> Assignment: Report each line of the data that has "GMSK" somewhere in it.

> Excerpted records:
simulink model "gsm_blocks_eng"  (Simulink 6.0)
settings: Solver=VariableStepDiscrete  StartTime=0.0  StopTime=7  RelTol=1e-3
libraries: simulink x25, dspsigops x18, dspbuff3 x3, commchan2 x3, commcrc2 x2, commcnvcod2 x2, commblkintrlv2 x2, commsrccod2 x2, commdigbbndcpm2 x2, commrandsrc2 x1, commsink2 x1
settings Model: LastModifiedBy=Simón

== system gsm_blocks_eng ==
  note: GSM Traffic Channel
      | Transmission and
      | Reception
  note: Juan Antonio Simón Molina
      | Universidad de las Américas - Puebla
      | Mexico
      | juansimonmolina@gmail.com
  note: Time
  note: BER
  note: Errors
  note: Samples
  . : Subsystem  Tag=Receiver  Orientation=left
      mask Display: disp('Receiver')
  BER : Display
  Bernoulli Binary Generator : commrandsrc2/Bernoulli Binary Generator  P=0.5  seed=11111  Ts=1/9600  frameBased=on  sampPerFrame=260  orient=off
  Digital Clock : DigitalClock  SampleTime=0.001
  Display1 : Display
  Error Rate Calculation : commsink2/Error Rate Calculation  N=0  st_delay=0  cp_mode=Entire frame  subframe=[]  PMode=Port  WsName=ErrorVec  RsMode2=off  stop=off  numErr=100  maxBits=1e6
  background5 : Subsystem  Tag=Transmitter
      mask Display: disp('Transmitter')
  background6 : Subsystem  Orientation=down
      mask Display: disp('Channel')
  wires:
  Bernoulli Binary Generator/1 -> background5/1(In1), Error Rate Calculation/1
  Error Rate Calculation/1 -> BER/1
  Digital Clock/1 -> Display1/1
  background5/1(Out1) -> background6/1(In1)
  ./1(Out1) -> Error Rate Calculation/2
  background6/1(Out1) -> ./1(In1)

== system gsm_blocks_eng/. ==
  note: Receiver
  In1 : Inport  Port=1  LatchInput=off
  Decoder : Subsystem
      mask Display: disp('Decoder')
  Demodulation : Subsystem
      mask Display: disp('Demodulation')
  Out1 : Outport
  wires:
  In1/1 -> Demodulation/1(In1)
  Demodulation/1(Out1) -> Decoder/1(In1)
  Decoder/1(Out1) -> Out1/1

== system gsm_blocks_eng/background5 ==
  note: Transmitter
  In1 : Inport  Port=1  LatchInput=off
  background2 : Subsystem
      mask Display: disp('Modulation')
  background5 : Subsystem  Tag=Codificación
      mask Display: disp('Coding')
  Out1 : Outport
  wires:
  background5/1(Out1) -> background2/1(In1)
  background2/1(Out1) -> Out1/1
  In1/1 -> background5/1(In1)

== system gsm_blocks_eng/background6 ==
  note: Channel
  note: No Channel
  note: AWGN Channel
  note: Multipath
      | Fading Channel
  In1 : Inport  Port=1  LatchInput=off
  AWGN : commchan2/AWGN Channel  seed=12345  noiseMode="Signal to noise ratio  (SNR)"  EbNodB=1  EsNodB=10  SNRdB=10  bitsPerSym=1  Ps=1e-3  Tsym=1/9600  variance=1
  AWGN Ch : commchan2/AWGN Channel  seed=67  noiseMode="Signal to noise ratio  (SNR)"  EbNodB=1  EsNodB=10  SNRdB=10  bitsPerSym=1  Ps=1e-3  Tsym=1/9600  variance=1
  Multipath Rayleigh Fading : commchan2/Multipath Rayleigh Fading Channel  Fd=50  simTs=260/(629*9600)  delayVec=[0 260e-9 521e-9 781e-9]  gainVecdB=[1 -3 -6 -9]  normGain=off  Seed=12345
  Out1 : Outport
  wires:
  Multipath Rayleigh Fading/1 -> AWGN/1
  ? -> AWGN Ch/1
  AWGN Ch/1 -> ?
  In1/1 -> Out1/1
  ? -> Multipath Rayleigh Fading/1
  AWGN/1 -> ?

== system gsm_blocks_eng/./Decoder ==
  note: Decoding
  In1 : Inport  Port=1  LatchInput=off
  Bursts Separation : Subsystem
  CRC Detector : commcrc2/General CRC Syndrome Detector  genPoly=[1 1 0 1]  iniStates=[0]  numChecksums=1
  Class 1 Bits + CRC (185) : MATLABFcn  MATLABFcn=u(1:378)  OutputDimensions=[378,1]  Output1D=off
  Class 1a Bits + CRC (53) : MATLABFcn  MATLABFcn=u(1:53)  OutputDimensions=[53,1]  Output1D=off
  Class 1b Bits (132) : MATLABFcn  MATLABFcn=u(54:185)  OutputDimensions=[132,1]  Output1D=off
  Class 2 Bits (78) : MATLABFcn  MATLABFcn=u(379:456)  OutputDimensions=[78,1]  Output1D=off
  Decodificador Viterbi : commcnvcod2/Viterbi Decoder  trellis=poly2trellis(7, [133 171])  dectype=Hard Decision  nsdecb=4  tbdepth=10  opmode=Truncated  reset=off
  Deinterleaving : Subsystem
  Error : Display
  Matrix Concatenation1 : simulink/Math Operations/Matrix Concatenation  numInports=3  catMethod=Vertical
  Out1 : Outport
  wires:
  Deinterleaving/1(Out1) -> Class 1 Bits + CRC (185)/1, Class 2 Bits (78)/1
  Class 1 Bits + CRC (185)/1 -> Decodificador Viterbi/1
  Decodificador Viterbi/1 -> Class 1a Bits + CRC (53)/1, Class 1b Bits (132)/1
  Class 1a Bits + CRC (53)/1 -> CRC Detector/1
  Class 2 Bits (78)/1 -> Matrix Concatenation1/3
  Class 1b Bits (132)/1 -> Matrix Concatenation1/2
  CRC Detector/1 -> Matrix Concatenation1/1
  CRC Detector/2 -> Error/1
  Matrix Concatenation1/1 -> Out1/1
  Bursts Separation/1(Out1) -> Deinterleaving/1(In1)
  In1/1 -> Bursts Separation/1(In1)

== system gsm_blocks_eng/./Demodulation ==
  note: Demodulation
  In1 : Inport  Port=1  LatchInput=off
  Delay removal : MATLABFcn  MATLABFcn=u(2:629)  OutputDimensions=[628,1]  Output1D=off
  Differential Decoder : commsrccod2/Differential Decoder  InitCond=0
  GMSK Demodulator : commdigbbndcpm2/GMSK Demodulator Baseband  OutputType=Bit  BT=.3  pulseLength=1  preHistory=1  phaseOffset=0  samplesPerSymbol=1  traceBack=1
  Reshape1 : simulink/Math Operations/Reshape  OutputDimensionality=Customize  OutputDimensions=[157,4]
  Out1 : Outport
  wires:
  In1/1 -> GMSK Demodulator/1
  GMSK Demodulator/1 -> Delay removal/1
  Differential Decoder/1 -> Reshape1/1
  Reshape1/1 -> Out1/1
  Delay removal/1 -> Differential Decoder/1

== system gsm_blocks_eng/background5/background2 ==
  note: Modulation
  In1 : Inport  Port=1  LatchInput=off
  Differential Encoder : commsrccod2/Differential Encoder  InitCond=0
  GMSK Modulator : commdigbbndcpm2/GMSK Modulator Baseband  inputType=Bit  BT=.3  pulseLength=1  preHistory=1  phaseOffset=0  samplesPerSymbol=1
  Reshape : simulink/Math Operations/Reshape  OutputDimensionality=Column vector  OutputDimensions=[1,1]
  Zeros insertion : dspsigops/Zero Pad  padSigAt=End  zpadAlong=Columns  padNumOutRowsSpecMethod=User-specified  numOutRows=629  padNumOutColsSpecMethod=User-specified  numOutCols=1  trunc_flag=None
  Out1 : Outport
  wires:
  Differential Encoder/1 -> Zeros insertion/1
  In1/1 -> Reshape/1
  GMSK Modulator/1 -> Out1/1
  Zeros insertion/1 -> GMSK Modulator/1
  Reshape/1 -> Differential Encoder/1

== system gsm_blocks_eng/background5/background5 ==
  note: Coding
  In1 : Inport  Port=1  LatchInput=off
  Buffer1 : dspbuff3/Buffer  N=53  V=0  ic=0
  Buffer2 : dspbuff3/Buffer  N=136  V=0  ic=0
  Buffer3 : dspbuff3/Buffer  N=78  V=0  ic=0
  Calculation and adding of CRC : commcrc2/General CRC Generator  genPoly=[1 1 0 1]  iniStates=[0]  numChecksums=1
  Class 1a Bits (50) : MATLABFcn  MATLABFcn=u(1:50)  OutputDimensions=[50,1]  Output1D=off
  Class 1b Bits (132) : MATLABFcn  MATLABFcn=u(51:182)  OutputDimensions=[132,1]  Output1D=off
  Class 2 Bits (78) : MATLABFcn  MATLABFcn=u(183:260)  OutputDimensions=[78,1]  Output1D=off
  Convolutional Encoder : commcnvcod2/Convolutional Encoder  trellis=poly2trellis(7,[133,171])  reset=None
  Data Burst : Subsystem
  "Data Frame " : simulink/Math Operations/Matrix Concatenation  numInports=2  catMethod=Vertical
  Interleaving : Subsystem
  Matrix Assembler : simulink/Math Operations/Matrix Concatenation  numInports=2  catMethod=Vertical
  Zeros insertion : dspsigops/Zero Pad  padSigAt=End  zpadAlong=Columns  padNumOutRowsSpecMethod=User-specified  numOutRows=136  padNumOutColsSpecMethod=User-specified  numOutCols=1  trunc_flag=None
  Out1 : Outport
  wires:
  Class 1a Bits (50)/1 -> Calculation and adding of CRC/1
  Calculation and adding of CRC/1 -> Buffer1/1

> Completed exercise:
  GMSK Demodulator : commdigbbndcpm2/GMSK Demodulator Baseband  OutputType=Bit  BT=.3  pulseLength=1  preHistory=1  phaseOffset=0  samplesPerSymbol=1  traceBack=1
  In1/1 -> GMSK Demodulator/1
  GMSK Demodulator/1 -> Delay removal/1
  GMSK Modulator : commdigbbndcpm2/GMSK Modulator Baseband  inputType=Bit  BT=.3  pulseLength=1  preHistory=1  phaseOffset=0  samplesPerSymbol=1
  GMSK Modulator/1 -> Out1/1
  Zeros insertion/1 -> GMSK Modulator/1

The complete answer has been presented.